C’est compliqué. Je ne pense pas au lecteur au sens où tu peux prendre en compte un certain nombre de recettes. Il y a des recettes : parmi les trucs les plus basiques il y a la nana avec des gros seins, le mec avec le gros gun. Avec tous ces trucs-là tu sais que tu vas être un peu plus séducteur. Dans ce sens-là, moi je ne pense pas au lecteur parce que je ne veux pas être dans la séduction racoleuse.

C’est presque une forme de prostitution…

Oui et non parce que je pense qu’il y a des gens pour qui ce genres de choses font partie d’eux-mêmes ou alors ils ne voient pas ce qu’il y a de racoleur là-dedans. Moi je le vois trop violemment donc je ne peux pas m’en servir. Mais je pense au lecteur au sens où j’ai envie de provoquer des sensations de jouissance de lecture chez les gens comme moi quand j’éprouve certaines choses quand je lis. Bien sûr je ne sais pas si tout le monde éprouve ce que moi j’éprouve mais l’idée c’est de ne pas perdre le lecteur. La sensation que je recherche c’est l’oubli de la lecture. Quand je lis une bonne BD ou un bon roman, comme je le disais avant, eh bien j’oublie que je lis. Tout à coup tu arrives à la fin d’un chapitre et puis putain tu as oublié que cinq pages ont passé ! T’as même pas regardé les numéros en bas de la page ! Ça c’est quand même miraculeux ! Surtout si c’est sans avoir utilisé les trucs racoleurs à deux balles.

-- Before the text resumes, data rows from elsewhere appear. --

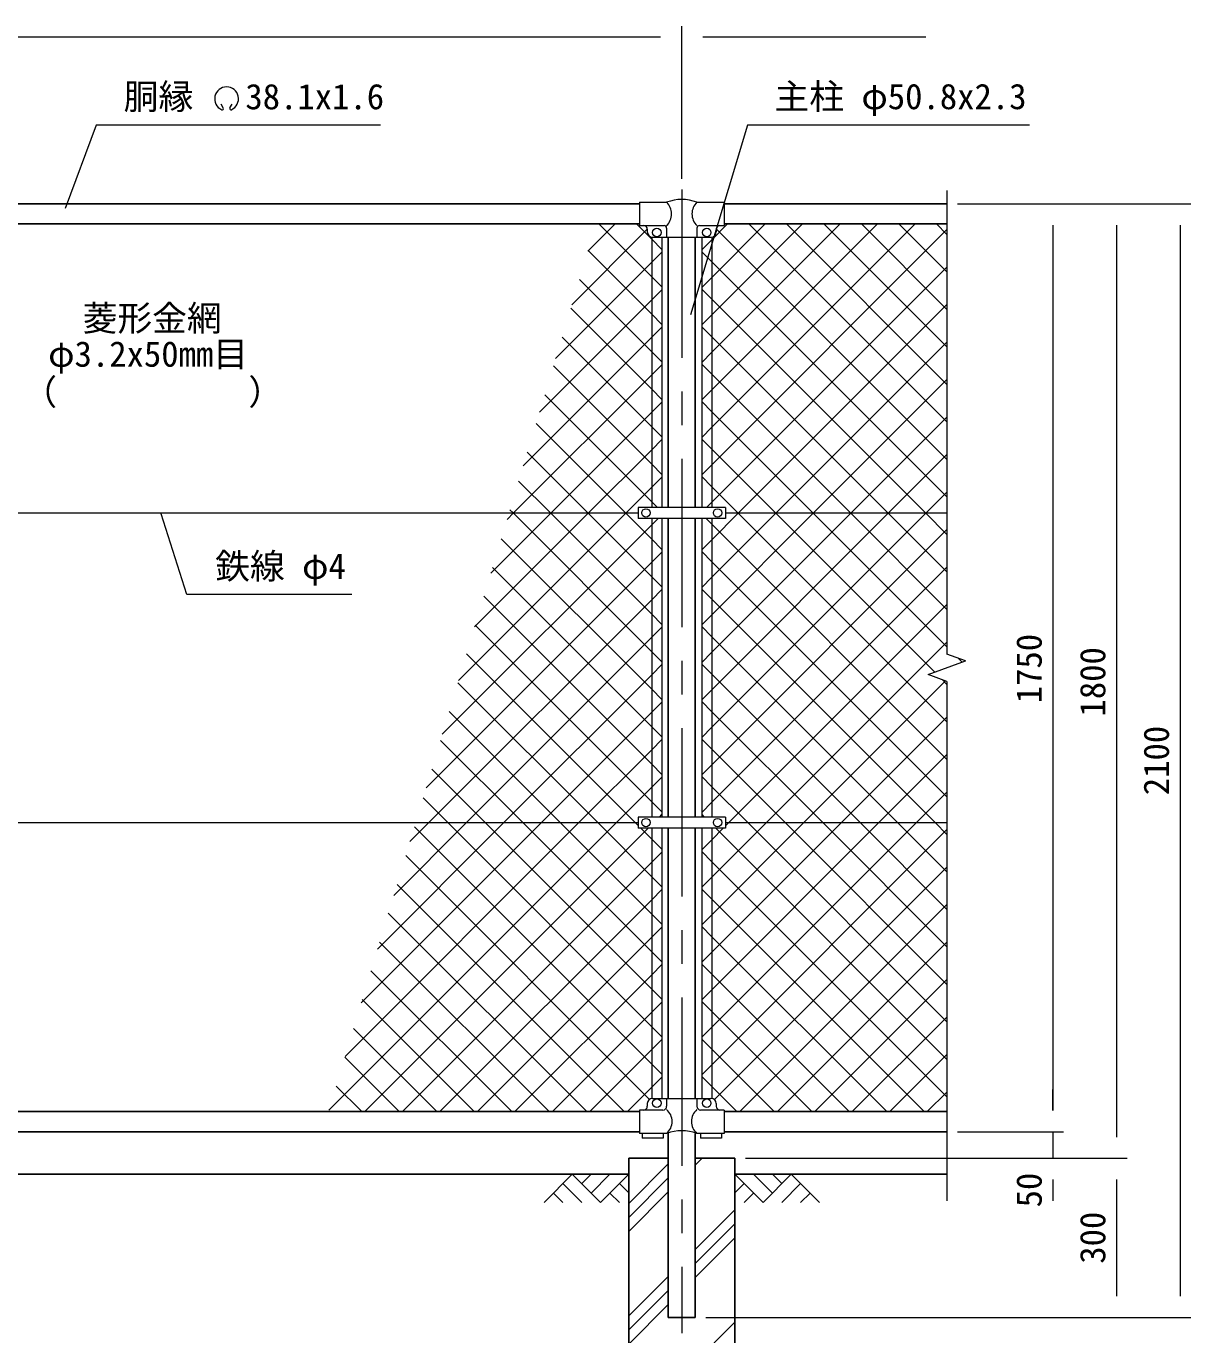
# Model space of a CAD drawing. Units: millimetres, scale not verified. Extents: x -4200 to 4200, y -2970 to 2970.
# Drawn here: x -2621 to -425, y -873 to 1595 of the extents above; entities that cross this region are included whole.
import ezdxf
from ezdxf.enums import TextEntityAlignment as Align

# ---------------------------------------------------------------- set-up
doc = ezdxf.new("R2010")
doc.units = ezdxf.units.MM
doc.header["$LTSCALE"] = 10
doc.linetypes.add('USER1', pattern=[50.8, 31.75, -6.35, 6.35, -6.35])
for name, color, linetype, lineweight in [('0-1_D-BMK', 2, 'USER1', 13), ('0-2_D-STR1', 1, 'Continuous', 25), ('0-3_D-STR-DIM', 7, 'Continuous', 13), ('0-8_D-BGD', 7, 'Continuous', 25), ('0-9_D-STR4', 7, 'Continuous', 25), ('0-A_D-DCR-HCH', 7, 'Continuous', 13), ('0-B_D-STR3', 3, 'Continuous', 13), ('0-C_D-STR2', 7, 'Continuous', 13), ('0-D_D-STR-TXT', 7, 'Continuous', 13)]:
    doc.layers.add(name, color=color, linetype=linetype, lineweight=lineweight)
doc.styles.add('ＭＳ ゴシック', font='')
doc.styles.get('ＭＳ ゴシック').set_extended_font_data('MS Gothic')

msp = doc.modelspace()

# ---------------------------------------------------------------- linework, layer by layer
at = {"layer": '0-1_D-BMK'}
msp.add_line((-1384.65, 1287.29), (-1384.65, -869.77), dxfattribs=at)
at = {"layer": '0-2_D-STR1'}
for p, q in [((-3304.65, 1260.23), (-1464.65, 1260.23)), ((-1304.65, 1260.23), (-884.65, 1260.23)), ((-3304.65, 1222.23), (-1464.65, 1222.23)), ((-1304.65, 1222.23), (-884.65, 1222.23)), ((-1410.05, 1197.23), (-1410.05, 687.73)), ((-1359.25, 1197.23), (-1359.25, 687.73)), ((-1410.05, 666.73), (-1410.05, 103.73)), ((-1359.25, 666.73), (-1359.25, 103.73)), ((-1410.05, 82.73), (-1410.05, -426.77)), ((-1359.25, 82.73), (-1359.25, -426.77)), ((-3304.65, -451.77), (-1464.65, -451.77)), ((-1304.65, -451.77), (-884.65, -451.77)), ((-3304.65, -489.77), (-1464.65, -489.77)), ((-1410.05, -492.77), (-1410.05, -839.77)), ((-1359.25, -492.77), (-1359.25, -839.77)), ((-1304.65, -489.77), (-884.65, -489.77)), ((-1359.25, -839.77), (-1410.05, -839.77))]:
    msp.add_line(p, q, dxfattribs=at)
at = {"layer": '0-3_D-STR-DIM'}
for p, q in [((-1384.65, 1307.29), (-1384.65, 1595.23)), ((-1384.65, 1307.29), (-1384.65, 1595.23)), ((-3344.65, 1575.23), (-1424.65, 1575.23)), ((-1344.65, 1575.23), (-924.65, 1575.23)), ((-884.65, 1285.23), (-884.65, 410.88)), ((-864.65, 1260.23), (-664.65, 1260.23)), ((-864.65, 1260.23), (-544.65, 1260.23)), ((-864.65, 1260.23), (-424.65, 1260.23)), ((-684.65, 1220.23), (-684.65, -449.77)), ((-564.65, 1220.23), (-564.65, -499.77)), ((-444.65, 1220.23), (-444.65, -799.77)), ((-919.89, 372.4), (-849.42, 398.05)), ((-849.42, 398.05), (-884.65, 410.88)), ((-884.65, 359.57), (-919.89, 372.4)), ((-884.65, 359.57), (-884.65, -619.77)), ((-684.65, -449.77), (-684.65, -409.77)), ((-864.65, -489.77), (-664.65, -489.77)), ((-864.65, -489.77), (-664.65, -489.77)), ((-684.65, -489.77), (-684.65, -539.77)), ((-1264.65, -539.77), (-664.65, -539.77)), ((-1264.65, -539.77), (-544.65, -539.77)), ((-1264.65, -539.77), (-544.65, -539.77)), ((-684.65, -579.77), (-684.65, -619.77)), ((-564.65, -579.77), (-564.65, -799.77)), ((-1339.25, -839.77), (-424.65, -839.77)), ((-1339.25, -839.77), (-544.65, -839.77))]:
    msp.add_line(p, q, dxfattribs=at)
at = {"layer": '0-8_D-BGD'}
for p, q in [((-1484.65, -569.77), (-3284.65, -569.77)), ((-1284.65, -569.77), (-884.65, -569.77))]:
    msp.add_line(p, q, dxfattribs=at)
at = {"layer": '0-9_D-STR4'}
for p, q in [((-1484.65, -539.77), (-1484.65, -989.77)), ((-1410.05, -539.77), (-1484.65, -539.77)), ((-1284.65, -539.77), (-1359.25, -539.77)), ((-1284.65, -539.77), (-1284.65, -989.77))]:
    msp.add_line(p, q, dxfattribs=at)
at = {"layer": '0-A_D-DCR-HCH'}
for p, q in [((-1359.25, -552.51), (-1346.52, -539.77)), ((-1484.65, -624.88), (-1410.05, -550.28)), ((-1591.08, -569.77), (-1644.29, -622.99)), ((-1608.82, -587.51), (-1573.18, -622.99)), ((-1591.08, -569.77), (-1537.87, -622.99)), ((-1573.34, -587.51), (-1555.6, -569.77)), ((-1555.6, -605.25), (-1520.13, -569.77)), ((-1537.87, -622.99), (-1484.65, -569.77)), ((-1502.39, -587.51), (-1484.65, -605.17)), ((-1484.65, -651.39), (-1410.05, -576.79)), ((-1231.44, -622.99), (-1284.65, -569.77)), ((-1266.92, -587.51), (-1284.65, -605.17)), ((-1213.7, -605.25), (-1249.18, -569.77)), ((-1178.23, -569.77), (-1231.44, -622.99)), ((-1195.87, -587.6), (-1213.7, -569.77)), ((-1160.49, -587.51), (-1196.13, -622.99)), ((-1178.23, -569.77), (-1125.02, -622.99)), ((-1626.55, -605.25), (-1608.73, -622.99)), ((-1520.13, -605.25), (-1502.31, -622.99)), ((-1484.65, -677.91), (-1410.05, -603.31)), ((-1249.18, -605.25), (-1267, -622.99)), ((-1142.76, -605.25), (-1160.57, -622.99)), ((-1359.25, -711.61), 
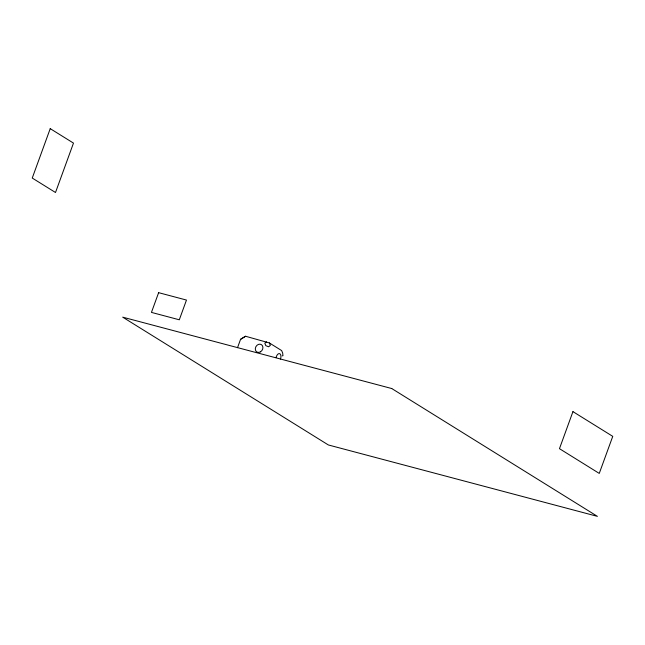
<?xml version="1.0" encoding="UTF-8"?>
<svg xmlns="http://www.w3.org/2000/svg" width="645" height="645" viewBox="0 0 645 645"><rect width="100%" height="100%" fill="white"/><g stroke="black" fill="none" stroke-linecap="round" stroke-linejoin="round"><path stroke-width="0.97" d="M237.529 347.679L240.561 339.334L245.535 336.247L269.344 342.93L281.647 350.582L282.671 353.049L282.962 355.701L282.236 355.871M245.535 336.247L240.561 339.334M266.562 341.826L264.805 343.196L265.829 345.672L268.602 346.776L270.36 345.406L269.344 342.93M276.06 357.612A4.33 2.346 -75.1 0 1 279.608 353.645A4.33 2.346 -75.1 0 1 280.486 359.08M50.229 128.645L32.25 178.052L55.502 192.5L73.482 143.101L50.229 128.645M158.63 292.669L151.446 312.398L179.302 319.791L186.478 300.062L158.63 292.669M572.945 411.623L559.465 448.67L599.261 473.414L612.75 436.359L572.945 411.623M391.757 388.54L122.703 317.155L328.353 444.961L597.399 516.355L391.757 388.54M260.556 351.807A4.33 3.588 -58.1 0 0 261.435 344.648A4.33 3.588 -58.1 0 0 255.331 348.437A4.33 3.588 -58.1 0 0 260.556 351.807"/></g></svg>

Mais pour être honnête, la première chose qui gouverne le tout c’est mon plaisir personnel. Comme je fais ça sept à huit heures par jour, tous les jours… Si je ne m’amuse pas au moins une fois par jour, à quoi bon faire ça ? Ça voudrait dire que je ne recherche que la gratification narcissique quand on me donne des chiffres de ventes ou quand je fais une dédicace et qu’on me dit « on adore votre boulot ». Ça n’aurait aucun sens, tu ne peux pas remplir une vie comme ça. Donc il faut qu’il y ait de la jouissance personnelle ! Il faut que ce que je dessine m’excite, que ce que je raconte m’excite, il faut que je sois satisfait quand je sens que le rythme est bon, quand je relis moi-même les pages et que je constate que ça fonctionne… Donc je pense que mon moteur numéro un est mon plaisir personnel. Mais dire que tu oublies totalement le lecteur… Je laisse ça aux profs de bande dessinée dans les écoles qui n’ont pas besoin de vente de livres pour avoir un salaire. Moi c’est quand même mon métier donc je ne peux pas négliger ça.

Tu as parlé de science-fiction incestueuse. Est-ce que tu aurais des exemples de réalisateurs qui le sont particulièrement ou, au contraire, qui ne le sont pas ?

Franchement… Dans les œuvres de science-fiction pures, si tu réfléchis au design mécanique et technologique, c’est frappant. Encore aujourd’hui on n’est pas sorti du trio Star Wars, Alien, Blade Runner. Je pense surtout au space opéra. Tu prends des films comme Moon, qui tentent de revisiter le genre mais qui sont toujours dans une dévotion par rapport aux grands anciens.

Et dans un film comme Jupiter Ascending ? Le film n’est pas parfait, mais est-ce que les Wachowski ne parviennent pas à proposer quelque chose d’innovant visuellement ?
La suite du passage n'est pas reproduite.